### [Exercise material]
──────────

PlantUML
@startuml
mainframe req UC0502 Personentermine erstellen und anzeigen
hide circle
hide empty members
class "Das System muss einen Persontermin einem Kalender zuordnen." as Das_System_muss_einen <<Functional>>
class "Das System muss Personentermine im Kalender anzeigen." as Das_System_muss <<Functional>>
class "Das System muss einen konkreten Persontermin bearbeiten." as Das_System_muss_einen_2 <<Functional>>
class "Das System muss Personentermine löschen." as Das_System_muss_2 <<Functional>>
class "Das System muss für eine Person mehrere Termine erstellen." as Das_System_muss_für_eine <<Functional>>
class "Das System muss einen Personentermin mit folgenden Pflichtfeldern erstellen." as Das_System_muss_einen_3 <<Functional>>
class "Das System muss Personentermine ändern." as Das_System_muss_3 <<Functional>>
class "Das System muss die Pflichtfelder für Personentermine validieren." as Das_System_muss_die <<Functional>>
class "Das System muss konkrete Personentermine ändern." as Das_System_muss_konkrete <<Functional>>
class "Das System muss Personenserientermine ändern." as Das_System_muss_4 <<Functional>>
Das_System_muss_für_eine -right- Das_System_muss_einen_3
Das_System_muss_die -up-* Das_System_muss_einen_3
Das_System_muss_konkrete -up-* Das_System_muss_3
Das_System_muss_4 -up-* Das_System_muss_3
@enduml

──────────

### [Your goal]
Begin at the first line of the entries above and copy every line exactly, ending with the line that contains "as Das_System_muss <<Functional>>".

### [Reply to the task]
PlantUML
@startuml
mainframe req UC0502 Personentermine erstellen und anzeigen
hide circle
hide empty members
class "Das System muss einen Persontermin einem Kalender zuordnen." as Das_System_muss_einen <<Functional>>
class "Das System muss Personentermine im Kalender anzeigen." as Das_System_muss <<Functional>>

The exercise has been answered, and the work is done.